Take an url with specific text in it

Hello guys, i have a huge list of urls, but I only need the ones that have a certain word of several words in it. The list of words are not big. Is it possible even to do this?

Hi @Povilas_Jonikas,

You can use .Contains to see whether it contains specific strings:

URL.Contains("this string") Or URL.Contains("that string")

Or you can use Regex to match patterns of words:

1 Like

Hello @Povilas_Jonikas

Does that mean you need to filter the list with some particular data set?

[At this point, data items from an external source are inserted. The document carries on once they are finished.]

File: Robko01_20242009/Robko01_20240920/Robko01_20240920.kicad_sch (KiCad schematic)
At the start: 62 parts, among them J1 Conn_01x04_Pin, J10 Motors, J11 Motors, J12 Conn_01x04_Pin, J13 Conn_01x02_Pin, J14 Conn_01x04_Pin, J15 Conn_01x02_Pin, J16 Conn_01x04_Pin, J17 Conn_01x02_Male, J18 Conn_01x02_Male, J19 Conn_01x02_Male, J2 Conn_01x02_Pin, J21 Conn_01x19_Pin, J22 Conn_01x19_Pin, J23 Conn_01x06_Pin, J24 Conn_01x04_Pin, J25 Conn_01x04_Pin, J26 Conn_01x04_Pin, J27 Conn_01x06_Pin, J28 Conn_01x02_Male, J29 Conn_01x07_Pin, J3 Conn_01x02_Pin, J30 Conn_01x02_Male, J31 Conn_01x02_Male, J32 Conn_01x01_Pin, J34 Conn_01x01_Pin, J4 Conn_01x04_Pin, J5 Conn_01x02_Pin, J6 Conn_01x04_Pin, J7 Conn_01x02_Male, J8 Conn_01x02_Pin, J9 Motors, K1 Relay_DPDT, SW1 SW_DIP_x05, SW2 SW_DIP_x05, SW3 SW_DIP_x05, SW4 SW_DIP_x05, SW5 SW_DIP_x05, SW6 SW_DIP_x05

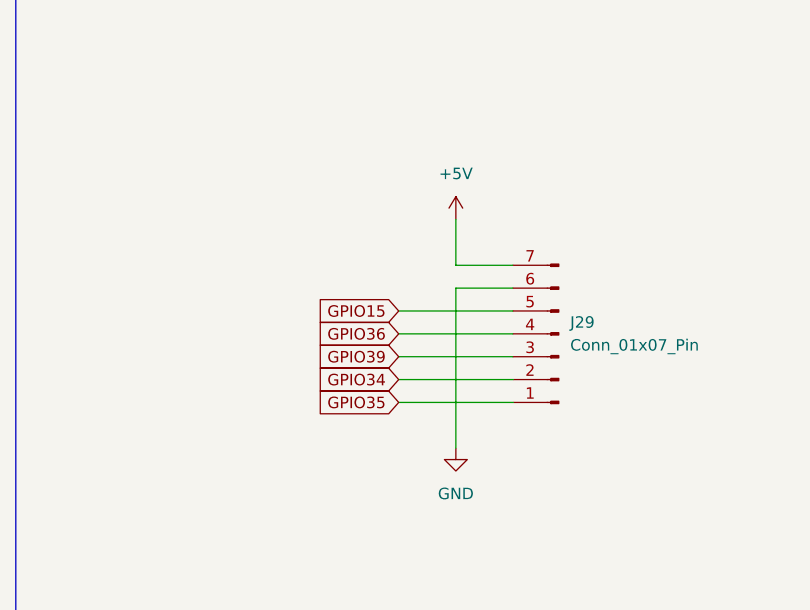
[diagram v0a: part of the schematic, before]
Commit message: Fix main MCU footprint size
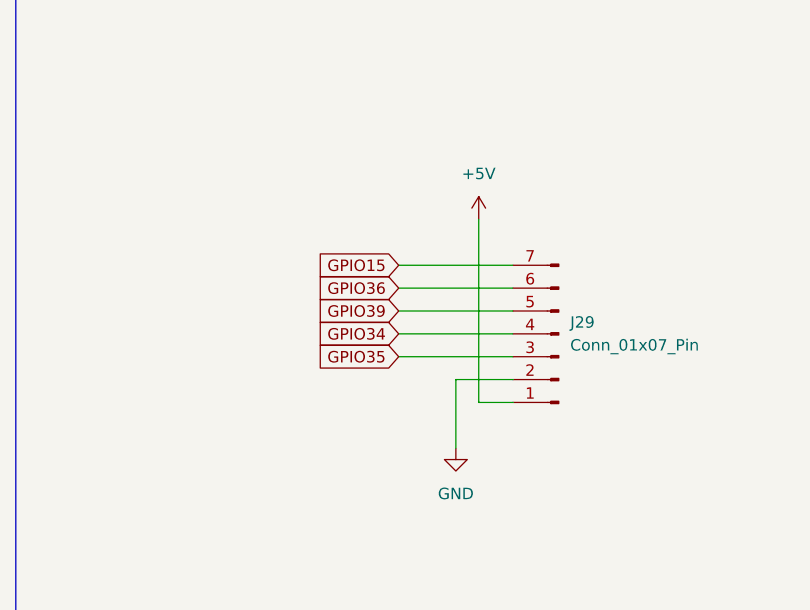
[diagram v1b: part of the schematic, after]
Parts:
- J29: footprint Connector_PinHeader_2.54mm:PinHeader_1x07_P2.54mm_Vertical -> Connector_PinHeader_2.54mm:PinHeader_1x07_P2.54mm_Horizontal
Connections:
- net +5V: now also J29.1 (Pin_1); no longer J29.7 (Pin_7)
- net GND: now also J29.2 (Pin_2); no longer J29.6 (Pin_6)
- net GPIO15: now also J29.7 (Pin_7); no longer J29.5 (Pin_5)
- net GPIO34: now also J29.4 (Pin_4); no longer J29.2 (Pin_2)
- net GPIO35: now also J29.3 (Pin_3); no longer J29.1 (Pin_1)
- net GPIO36: now also J29.6 (Pin_6); no longer J29.4 (Pin_4)
- net GPIO39: now also J29.5 (Pin_5); no longer J29.3 (Pin_3)
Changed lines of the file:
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@@
 	(wire
 		(pts
+			(xy 474.98 557.53) (xy 487.68 557.53)
+		)
+		(stroke
+			(width 0)
+			(type default)
+		)
+	)
+	(wire
+		(pts
 			(xy 629.92 487.68) (xy 633.73 487.68)
 		)
@@
 	(wire
 		(pts
+			(xy 481.33 570.23) (xy 481.33 577.85)
+		)
+		(stroke
+			(width 0)
+			(type default)
+		)
+	)
+	(wire
+		(pts
 			(xy 408.94 354.33) (xy 414.02 354.33)
 		)
@@
 	(wire
 		(pts
-			(xy 474.98 570.23) (xy 487.68 570.23)
-		)
-		(stroke
-			(width 0)
-			(type default)
-		)
-	)
-	(wire
-		(pts
 			(xy 307.34 254) (xy 311.15 254)
 		)
@@
 	(wire
 		(pts
-			(xy 474.98 572.77) (xy 487.68 572.77)
-		)
-		(stroke
-			(width 0)
-			(type default)
-		)
-	)
-	(wire
-		(pts
 			(xy 648.97 487.68) (xy 676.91 487.68)
 		)
@@
 	(wire
 		(pts
-			(xy 481.33 557.53) (xy 481.33 552.45)
-		)
-		(stroke
-			(width 0)
-			(type default)
-		)
-	)
-	(wire
-		(pts
 			(xy 718.82 372.11) (xy 718.82 368.3)
 		)
@@
 	(wire
 		(pts
-			(xy 481.33 560.07) (xy 481.33 577.85)
-		)
-		(stroke
-			(width 0)
-			(type default)
-		)
-	)
-	(wire
-		(pts
 			(xy 394.97 372.11) (xy 350.52 372.11)
 		)
@@
 	(wire
 		(pts
+			(xy 481.33 570.23) (xy 487.68 570.23)
+		)
+		(stroke
+			(width 0)
+			(type default)
+		)
+	)
+	(wire
+		(pts
 			(xy 692.15 295.91) (xy 718.82 295.91)
 		)
@@
 	(wire
 		(pts
-			(xy 487.68 560.07) (xy 481.33 560.07)
-		)
-		(stroke
-			(width 0)
-			(type default)
-		)
-	)
-	(wire
-		(pts
 			(xy 648.97 485.14) (xy 676.91 485.14)
 		)
@@
 	(wire
 		(pts
+			(xy 474.98 560.07) (xy 487.68 560.07)
+		)
+		(stroke
+			(width 0)
+			(type default)
+		)
+	)
+	(wire
+		(pts
 			(xy 472.44 344.17) (xy 485.14 344.17)
 		)
@@
 	(wire
 		(pts
+			(xy 483.87 552.45) (xy 483.87 572.77)
+		)
+		(stroke
+			(width 0)
+			(type default)
+		)
+	)
+	(wire
+		(pts
 			(xy 730.25 453.39) (xy 730.25 457.2)
 		)
@@
 	(wire
 		(pts
+			(xy 487.68 572.77) (xy 483.87 572.77)
+		)
+		(stroke
+			(width 0)
+			(type default)
+		)
+	)
+	(wire
+		(pts
 			(xy 294.64 231.14) (xy 311.15 231.14)
 		)
@@
 	(wire
 		(pts
-			(xy 487.68 557.53) (xy 481.33 557.53)
-		)
-		(stroke
-			(width 0)
-			(type default)
-		)
-	)
-	(wire
-		(pts
 			(xy 720.09 599.44) (xy 720.09 603.25)
 		)
@@
 	(global_label "GPIO39"
 		(shape input)
-		(at 474.98 567.69 180)
+		(at 474.98 562.61 180)
 		(fields_autoplaced yes)
 		(effects
@@
 		)
 		(property "Intersheetrefs" "${INTERSHEET_REFS}"
-			(at 465.1005 567.69 0)
+			(at 465.1005 562.61 0)
 			(effects
 				(font
@@
 	(global_label "GPIO36"
 		(shape input)
-		(at 474.98 565.15 180)
+		(at 474.98 560.07 180)
 		(fields_autoplaced yes)
 		(effects
@@
 		)
 		(property "Intersheetrefs" "${INTERSHEET_REFS}"
-			(at 465.1005 565.15 0)
+			(at 465.1005 560.07 0)
 			(effects
 				(font
@@
 	(global_label "GPIO35"
 		(shape input)
-		(at 474.98 572.77 180)
+		(at 474.98 567.69 180)
 		(fields_autoplaced yes)
 		(effects
@@
 		)
 		(property "Intersheetrefs" "${INTERSHEET_REFS}"
-			(at 465.1005 572.77 0)
+			(at 465.1005 567.69 0)
 			(effects
 				(font
@@
 	(global_label "GPIO15"
 		(shape input)
-		(at 474.98 562.61 180)
+		(at 474.98 557.53 180)
 		(fields_autoplaced yes)
 		(effects
@@
 		)
 		(property "Intersheetrefs" "${INTERSHEET_REFS}"
-			(at 465.1005 562.61 0)
+			(at 465.1005 557.53 0)
 			(effects
 				(font
@@
 	(global_label "GPIO34"
 		(shape input)
-		(at 474.98 570.23 180)
+		(at 474.98 565.15 180)
 		(fields_autoplaced yes)
 		(effects
@@
 		)
 		(property "Intersheetrefs" "${INTERSHEET_REFS}"
-			(at 465.1005 570.23 0)
+			(at 465.1005 565.15 0)
 			(effects
 				(font
@@
 	(symbol
 		(lib_id "power:+5V")
-		(at 481.33 552.45 0)
+		(at 483.87 552.45 0)
 		(unit 1)
 		(exclude_from_sim no)
@@
 		(fields_autoplaced yes)
 		(property "Reference" "#PWR044"
-			(at 481.33 556.26 0)
+			(at 483.87 556.26 0)
 			(effects
 				(font
@@
 		)
 		(property "Value" "+5V"
-			(at 481.33 547.37 0)
+			(at 483.87 547.37 0)
 			(effects
 				(font
@@
 		)
 		(property "Footprint" ""
-			(at 481.33 552.45 0)
+			(at 483.87 552.45 0)
 			(effects
 				(font
@@
 		)
 		(property "Datasheet" ""
-			(at 481.33 552.45 0)
+			(at 483.87 552.45 0)
 			(effects
 				(font
@@
 		)
 		(property "Description" "Power symbol creates a global label with name \"+5V\""
-			(at 481.33 552.45 0)
+			(at 483.87 552.45 0)
 			(effects
 				(font
@@
 			)
 		)
-		(property "Footprint" "Connector_PinHeader_2.54mm:PinHeader_1x07_P2.54mm_Vertical"
+		(property "Footprint" "Connector_PinHeader_2.54mm:PinHeader_1x07_P2.54mm_Horizontal"
 			(at 492.76 565.15 0)
 			(effects

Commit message: Fix geometry
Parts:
- removed D3: LED_Dual_Bidirectional, LED_THT:LED_D5.0mm_Clear, symbol Device:LED_Dual_Bidirectional
- removed K1: Relay_DPDT, Relay_THT:Relay_DPDT_Schrack-RT2-FormC_RM5mm, symbol Relay:Relay_DPDT
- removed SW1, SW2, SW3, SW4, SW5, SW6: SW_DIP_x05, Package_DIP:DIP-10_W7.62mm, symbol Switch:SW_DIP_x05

If yes, you can sue the activity Filter Collection.

image

Thanks

Thanks for the response. I misscomunicated there. Basically, I have opened my old site’s sitemap.xml. There are a ton of url’s, but I need urls with specific words in the middle of them. I would love to write a robot, that would take the certain word containing url’s from the list and write them down to excel

Thanks a lot, ill try to look in to it and let you know if this is the thing i’m looking for :slight_smile:

  • read text file acitvity
  • deserialize the XML
  • Process the XML by taking all links & filter the relevant links
  • generate a datatable (many options to do it: Add DataRow, generatee Datatable, LINQ)
  • Write it to excel

Mayb you share with us the sitemap.xml and a sample keyword for the filtering

1 Like

Thanks Peter for the response. I’ll try to explain deeply what I want to create.
“Sitemap” There are a lot of the same sitemap’s url’s which contains the old urls that I need to take. Basically i would love to create a robot, that goes to different sitemap’s pages, checks if the url’s that are in the sitemap has the keywords that I need, if it does, the URL that contains the keyword is copied and written to excel. Example:
Robot comes to the first sitemap page, checks if the URL’s have any of theese keywords;

  1. Błotnik-i-części-montazowe
    2.Glowka-ramy
    3.Klips-mocujacy
    If it does, he takes only the url’s which has the keyword inside of it, writes it to excel and moves on to the different page of the sitemap to repeat the process

As the provided link has some other data we will describe the essential based on this samples. But you can easy adapt to your samples

Variables:
grafik
Prepare Datatable

Setup keywordlist, read xml string, parse xml into a XDocument, define the default Namespace
grafik

Filter the loc elements on the keyword, loop over the result and add it to the datatable

Finally write the datatable to an Excel, when this is needed

arrKeywords = New String(){"mercedes-benz","volvo"}
xnsDefault = xDoc.Root.Name.Namespace
 xeFilteredUrls = xDoc.Root.Descendants(xnsDefault + "loc").Where(Function (x) arrKeywords.Any(Function (k)  x.Value.Contains(k))).toArray

Find starter help here (Legacy)
SitemapXML_ToDataTable.xaml (11.1 KB)
SitemapKategoriaMarkaModelTyp-8.xml (7.8 MB)

1 Like

You are actually a beast Peter, thanks a lot! I’ll test it out, but theres one little problem thats left, what is this activity?
image
I think I dont have the package of this activity installed, so I cant run it. Thanks :slight_smile:

Manage dependencies
grafik

1 Like

We assume that the question was answered. Please check and close the topic by:
Forum FAQ - How to mark a post as a solution - News / Tutorials - UiPath Community Forum

1 Like

Yes, i’m sorry for the late response, got sick and couldn’t get online. Thanks again Peter, your a beast! :slight_smile:

This topic was automatically closed 3 days after the last reply. New replies are no longer allowed.